### YOUR OBJECTIVE
Copy exactly the lines of the material below that run from the one containing "#21=DIRECTION('',(1.,0.,0.));" through the one containing "#31=VERTEX_POINT('',#30);". Copy no other lines.

### TASK INPUT
- Opening Delimiter -

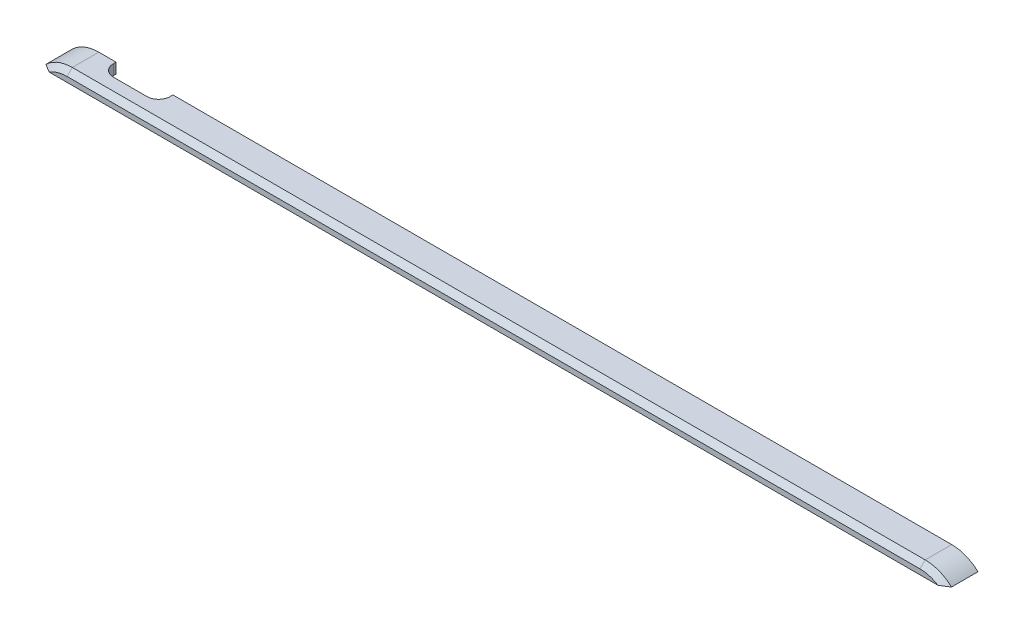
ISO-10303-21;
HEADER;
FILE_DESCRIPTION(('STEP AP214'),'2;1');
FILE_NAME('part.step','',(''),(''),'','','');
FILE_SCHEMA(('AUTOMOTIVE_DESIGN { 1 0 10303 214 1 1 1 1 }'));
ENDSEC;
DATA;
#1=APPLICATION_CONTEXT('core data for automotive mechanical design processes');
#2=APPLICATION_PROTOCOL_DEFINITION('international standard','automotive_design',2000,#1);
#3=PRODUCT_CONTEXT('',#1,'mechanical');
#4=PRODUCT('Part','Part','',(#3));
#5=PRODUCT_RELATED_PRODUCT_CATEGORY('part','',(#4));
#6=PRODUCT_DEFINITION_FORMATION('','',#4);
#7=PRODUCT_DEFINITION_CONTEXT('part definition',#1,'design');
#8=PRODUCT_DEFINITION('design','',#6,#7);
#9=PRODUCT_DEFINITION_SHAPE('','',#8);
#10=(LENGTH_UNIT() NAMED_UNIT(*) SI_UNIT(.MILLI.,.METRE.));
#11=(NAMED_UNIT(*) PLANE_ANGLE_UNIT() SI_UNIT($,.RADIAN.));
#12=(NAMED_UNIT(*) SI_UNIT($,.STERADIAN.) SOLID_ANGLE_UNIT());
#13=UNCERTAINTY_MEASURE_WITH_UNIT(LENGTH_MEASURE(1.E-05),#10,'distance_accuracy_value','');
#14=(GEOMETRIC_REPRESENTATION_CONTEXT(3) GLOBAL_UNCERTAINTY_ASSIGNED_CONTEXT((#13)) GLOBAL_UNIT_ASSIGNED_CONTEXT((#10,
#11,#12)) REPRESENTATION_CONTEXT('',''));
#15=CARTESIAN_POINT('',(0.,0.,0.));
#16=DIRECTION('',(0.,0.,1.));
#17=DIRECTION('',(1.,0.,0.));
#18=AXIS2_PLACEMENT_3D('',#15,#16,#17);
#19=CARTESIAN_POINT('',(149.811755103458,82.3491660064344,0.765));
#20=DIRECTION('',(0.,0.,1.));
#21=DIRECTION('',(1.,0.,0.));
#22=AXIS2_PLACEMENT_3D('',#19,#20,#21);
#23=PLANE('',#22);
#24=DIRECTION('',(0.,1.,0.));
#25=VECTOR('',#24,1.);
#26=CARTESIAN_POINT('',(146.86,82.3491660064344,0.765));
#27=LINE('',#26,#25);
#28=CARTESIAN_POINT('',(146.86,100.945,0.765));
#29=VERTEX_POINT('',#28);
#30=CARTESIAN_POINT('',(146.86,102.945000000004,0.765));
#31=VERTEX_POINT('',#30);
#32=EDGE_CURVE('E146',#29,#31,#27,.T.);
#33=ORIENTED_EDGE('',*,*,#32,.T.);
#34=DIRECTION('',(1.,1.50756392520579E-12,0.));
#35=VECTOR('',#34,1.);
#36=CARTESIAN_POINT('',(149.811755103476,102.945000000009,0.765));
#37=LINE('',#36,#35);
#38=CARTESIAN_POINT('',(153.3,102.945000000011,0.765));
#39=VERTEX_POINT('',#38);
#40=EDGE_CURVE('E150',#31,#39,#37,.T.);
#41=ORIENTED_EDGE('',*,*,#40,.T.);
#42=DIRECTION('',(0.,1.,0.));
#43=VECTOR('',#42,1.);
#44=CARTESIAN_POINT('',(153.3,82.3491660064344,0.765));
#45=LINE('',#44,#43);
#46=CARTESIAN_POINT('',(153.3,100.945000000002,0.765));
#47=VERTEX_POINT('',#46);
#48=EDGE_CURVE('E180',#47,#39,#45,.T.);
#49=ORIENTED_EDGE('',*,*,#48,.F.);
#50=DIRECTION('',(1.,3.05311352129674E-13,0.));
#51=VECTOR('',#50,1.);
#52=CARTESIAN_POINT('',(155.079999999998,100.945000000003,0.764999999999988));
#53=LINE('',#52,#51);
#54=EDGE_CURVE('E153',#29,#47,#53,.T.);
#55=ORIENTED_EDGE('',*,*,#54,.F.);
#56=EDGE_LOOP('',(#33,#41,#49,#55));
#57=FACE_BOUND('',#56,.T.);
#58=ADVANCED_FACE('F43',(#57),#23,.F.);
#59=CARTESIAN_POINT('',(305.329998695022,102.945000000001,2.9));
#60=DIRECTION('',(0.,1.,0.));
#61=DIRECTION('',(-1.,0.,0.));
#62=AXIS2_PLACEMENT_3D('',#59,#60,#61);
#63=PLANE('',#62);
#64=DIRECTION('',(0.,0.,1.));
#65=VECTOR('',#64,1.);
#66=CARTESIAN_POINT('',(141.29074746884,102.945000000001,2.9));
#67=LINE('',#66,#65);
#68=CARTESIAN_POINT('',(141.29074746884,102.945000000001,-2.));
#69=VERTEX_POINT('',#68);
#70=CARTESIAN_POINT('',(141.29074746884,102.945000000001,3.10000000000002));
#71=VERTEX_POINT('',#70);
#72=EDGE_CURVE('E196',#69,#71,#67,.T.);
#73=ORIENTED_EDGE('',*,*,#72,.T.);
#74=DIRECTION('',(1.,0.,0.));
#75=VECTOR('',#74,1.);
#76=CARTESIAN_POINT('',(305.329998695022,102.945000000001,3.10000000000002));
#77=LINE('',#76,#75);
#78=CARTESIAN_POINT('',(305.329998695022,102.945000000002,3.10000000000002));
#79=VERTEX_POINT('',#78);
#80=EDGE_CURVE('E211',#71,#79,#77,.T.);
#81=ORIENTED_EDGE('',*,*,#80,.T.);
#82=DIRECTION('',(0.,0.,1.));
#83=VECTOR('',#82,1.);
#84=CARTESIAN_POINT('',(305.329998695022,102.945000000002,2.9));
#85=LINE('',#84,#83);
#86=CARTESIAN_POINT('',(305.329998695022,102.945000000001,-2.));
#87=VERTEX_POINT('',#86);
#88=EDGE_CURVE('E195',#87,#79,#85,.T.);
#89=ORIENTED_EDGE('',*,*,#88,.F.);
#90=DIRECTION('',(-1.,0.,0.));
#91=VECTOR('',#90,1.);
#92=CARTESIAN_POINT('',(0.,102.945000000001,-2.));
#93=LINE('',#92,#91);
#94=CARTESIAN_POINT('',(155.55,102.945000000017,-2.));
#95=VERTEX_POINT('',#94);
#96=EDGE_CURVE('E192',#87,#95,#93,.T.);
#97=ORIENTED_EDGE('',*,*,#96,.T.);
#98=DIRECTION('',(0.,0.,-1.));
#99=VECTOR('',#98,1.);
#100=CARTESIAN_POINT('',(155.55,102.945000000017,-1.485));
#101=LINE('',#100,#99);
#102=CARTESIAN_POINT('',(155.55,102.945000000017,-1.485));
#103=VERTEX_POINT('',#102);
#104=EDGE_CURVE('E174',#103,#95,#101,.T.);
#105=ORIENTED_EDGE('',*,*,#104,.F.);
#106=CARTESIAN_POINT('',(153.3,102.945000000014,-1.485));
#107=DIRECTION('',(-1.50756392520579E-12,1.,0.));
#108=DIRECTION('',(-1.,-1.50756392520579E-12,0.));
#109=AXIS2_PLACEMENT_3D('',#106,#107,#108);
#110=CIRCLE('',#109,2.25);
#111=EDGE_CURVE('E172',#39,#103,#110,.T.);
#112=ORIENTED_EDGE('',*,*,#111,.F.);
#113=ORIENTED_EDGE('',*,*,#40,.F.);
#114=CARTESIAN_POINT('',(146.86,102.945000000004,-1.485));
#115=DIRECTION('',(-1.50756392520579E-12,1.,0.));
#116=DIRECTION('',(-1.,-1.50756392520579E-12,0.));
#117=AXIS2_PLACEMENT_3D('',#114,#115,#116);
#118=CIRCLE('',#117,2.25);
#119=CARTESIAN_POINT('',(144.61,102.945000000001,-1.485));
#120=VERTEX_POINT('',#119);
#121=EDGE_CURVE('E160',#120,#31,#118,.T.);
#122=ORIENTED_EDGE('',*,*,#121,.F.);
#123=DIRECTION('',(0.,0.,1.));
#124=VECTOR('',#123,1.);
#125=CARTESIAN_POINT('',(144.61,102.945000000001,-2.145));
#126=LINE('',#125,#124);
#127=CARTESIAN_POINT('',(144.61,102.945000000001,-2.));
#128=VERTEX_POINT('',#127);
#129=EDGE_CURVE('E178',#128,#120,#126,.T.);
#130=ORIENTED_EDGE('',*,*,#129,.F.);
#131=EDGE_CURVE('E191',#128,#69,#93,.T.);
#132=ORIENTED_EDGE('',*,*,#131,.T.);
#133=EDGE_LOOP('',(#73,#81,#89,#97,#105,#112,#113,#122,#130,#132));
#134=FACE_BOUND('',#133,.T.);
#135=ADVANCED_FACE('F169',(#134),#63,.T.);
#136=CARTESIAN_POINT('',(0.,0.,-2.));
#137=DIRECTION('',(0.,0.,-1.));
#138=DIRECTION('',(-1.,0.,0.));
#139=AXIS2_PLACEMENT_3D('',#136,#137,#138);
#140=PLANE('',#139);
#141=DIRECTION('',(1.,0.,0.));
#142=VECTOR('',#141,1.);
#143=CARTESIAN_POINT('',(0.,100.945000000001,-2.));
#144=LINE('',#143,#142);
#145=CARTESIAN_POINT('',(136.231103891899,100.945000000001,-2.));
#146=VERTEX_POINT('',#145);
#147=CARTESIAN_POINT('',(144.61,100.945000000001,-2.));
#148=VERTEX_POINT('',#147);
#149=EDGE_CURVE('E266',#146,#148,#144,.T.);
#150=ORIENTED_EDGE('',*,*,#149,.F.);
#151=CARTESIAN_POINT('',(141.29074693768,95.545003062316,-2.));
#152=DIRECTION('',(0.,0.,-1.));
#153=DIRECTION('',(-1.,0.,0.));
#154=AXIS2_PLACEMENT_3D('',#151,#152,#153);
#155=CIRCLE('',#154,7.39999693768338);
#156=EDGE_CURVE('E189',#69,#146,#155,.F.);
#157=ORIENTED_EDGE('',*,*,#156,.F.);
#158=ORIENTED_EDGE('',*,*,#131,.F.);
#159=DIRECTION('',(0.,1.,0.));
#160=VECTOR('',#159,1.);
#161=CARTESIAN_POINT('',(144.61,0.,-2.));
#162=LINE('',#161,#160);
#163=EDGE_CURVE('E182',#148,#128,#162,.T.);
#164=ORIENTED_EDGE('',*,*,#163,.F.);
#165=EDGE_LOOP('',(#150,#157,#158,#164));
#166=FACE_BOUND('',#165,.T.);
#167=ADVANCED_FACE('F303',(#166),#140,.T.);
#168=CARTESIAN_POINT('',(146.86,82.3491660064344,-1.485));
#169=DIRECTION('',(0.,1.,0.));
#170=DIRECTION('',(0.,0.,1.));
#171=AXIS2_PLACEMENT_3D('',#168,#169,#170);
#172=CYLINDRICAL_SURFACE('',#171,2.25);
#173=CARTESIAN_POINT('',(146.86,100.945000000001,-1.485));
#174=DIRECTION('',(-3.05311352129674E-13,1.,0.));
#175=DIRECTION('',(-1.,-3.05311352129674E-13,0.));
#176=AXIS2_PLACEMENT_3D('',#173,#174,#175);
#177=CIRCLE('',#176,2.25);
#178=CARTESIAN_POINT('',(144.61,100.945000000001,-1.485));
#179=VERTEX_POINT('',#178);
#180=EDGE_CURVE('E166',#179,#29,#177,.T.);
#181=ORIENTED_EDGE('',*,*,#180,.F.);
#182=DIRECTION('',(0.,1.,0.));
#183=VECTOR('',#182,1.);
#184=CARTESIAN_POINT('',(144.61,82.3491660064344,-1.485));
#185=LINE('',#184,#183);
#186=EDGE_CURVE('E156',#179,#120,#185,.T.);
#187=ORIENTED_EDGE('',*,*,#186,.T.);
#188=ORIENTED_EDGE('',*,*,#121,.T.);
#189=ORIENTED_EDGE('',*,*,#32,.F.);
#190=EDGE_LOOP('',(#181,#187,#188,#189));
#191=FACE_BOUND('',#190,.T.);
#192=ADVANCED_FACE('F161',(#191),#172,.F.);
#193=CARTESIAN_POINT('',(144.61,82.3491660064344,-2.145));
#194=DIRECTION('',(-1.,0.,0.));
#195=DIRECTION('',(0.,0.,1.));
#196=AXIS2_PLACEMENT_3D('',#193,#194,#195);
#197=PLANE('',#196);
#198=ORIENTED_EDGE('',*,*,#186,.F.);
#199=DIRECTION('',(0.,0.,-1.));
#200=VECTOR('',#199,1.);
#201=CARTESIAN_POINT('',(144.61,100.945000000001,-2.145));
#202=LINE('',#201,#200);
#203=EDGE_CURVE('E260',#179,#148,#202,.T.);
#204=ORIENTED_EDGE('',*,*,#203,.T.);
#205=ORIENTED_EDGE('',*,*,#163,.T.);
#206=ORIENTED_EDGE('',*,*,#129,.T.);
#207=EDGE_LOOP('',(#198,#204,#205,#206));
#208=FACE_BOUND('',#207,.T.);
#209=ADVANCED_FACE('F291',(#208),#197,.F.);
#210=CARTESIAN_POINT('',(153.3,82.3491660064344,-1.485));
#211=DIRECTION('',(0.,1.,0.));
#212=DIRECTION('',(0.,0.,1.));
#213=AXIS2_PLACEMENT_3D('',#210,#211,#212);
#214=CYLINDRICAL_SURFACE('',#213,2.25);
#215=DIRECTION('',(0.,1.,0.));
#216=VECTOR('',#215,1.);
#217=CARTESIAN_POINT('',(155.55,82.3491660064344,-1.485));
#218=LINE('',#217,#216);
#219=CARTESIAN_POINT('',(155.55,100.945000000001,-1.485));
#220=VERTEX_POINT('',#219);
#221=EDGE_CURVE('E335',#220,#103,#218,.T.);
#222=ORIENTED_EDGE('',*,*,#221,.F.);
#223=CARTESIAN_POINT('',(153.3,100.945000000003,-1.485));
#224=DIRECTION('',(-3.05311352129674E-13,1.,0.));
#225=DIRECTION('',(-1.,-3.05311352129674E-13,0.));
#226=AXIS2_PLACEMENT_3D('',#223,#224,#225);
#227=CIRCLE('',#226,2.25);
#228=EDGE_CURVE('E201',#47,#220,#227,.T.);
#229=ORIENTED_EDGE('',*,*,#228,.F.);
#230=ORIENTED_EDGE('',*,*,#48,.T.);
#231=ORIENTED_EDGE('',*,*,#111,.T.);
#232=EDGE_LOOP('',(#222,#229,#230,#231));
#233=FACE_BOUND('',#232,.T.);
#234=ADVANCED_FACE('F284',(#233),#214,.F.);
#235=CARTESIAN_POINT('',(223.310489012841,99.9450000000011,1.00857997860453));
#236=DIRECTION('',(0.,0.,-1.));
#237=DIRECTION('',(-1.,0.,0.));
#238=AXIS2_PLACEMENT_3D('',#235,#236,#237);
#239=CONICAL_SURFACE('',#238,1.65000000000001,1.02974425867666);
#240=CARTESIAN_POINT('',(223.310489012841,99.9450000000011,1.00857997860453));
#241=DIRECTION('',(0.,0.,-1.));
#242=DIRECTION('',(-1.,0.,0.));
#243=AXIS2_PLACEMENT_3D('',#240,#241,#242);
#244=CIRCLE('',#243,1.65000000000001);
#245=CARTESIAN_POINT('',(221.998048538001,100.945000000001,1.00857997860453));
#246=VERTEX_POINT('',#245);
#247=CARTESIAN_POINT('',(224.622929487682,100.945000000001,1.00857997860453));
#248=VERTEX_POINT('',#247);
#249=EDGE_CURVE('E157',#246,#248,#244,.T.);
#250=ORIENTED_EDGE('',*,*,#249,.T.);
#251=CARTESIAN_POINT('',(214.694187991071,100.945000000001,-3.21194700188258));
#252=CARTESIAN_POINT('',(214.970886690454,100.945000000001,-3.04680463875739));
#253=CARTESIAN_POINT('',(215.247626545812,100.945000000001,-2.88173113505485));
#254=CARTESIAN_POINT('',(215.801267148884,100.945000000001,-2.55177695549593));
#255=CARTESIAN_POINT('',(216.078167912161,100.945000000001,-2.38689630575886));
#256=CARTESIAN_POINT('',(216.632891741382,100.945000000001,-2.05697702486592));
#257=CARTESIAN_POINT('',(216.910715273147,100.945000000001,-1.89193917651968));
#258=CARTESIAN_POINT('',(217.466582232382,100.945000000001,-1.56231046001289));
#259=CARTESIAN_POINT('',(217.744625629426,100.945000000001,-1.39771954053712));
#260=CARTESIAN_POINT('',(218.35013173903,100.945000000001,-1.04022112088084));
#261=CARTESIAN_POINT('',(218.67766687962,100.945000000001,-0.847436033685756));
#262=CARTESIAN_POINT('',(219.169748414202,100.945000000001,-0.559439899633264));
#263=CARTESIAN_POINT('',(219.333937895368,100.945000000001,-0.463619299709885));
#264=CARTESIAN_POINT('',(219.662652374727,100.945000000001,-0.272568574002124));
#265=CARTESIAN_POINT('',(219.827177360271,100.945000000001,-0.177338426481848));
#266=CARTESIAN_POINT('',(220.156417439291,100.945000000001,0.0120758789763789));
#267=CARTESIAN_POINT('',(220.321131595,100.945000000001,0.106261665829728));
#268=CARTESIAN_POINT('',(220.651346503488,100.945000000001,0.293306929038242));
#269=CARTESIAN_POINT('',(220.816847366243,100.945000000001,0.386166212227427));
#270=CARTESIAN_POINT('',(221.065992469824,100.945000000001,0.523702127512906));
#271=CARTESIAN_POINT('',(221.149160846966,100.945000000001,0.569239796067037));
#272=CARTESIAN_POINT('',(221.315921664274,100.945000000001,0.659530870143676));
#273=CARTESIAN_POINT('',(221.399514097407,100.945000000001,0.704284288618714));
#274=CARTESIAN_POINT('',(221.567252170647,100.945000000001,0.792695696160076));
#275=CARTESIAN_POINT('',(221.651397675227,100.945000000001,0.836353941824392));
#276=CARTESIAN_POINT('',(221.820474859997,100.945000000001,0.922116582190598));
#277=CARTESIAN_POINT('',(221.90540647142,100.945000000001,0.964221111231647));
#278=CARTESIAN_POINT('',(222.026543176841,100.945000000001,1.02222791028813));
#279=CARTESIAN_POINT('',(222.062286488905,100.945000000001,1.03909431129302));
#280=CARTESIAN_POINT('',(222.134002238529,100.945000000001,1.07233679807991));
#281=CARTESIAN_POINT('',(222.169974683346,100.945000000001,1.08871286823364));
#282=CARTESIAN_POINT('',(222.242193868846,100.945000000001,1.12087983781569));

- Closing Delimiter -

### THE ANSWER
#21=DIRECTION('',(1.,0.,0.));
#22=AXIS2_PLACEMENT_3D('',#19,#20,#21);
#23=PLANE('',#22);
#24=DIRECTION('',(0.,1.,0.));
#25=VECTOR('',#24,1.);
#26=CARTESIAN_POINT('',(146.86,82.3491660064344,0.765));
#27=LINE('',#26,#25);
#28=CARTESIAN_POINT('',(146.86,100.945,0.765));
#29=VERTEX_POINT('',#28);
#30=CARTESIAN_POINT('',(146.86,102.945000000004,0.765));
#31=VERTEX_POINT('',#30);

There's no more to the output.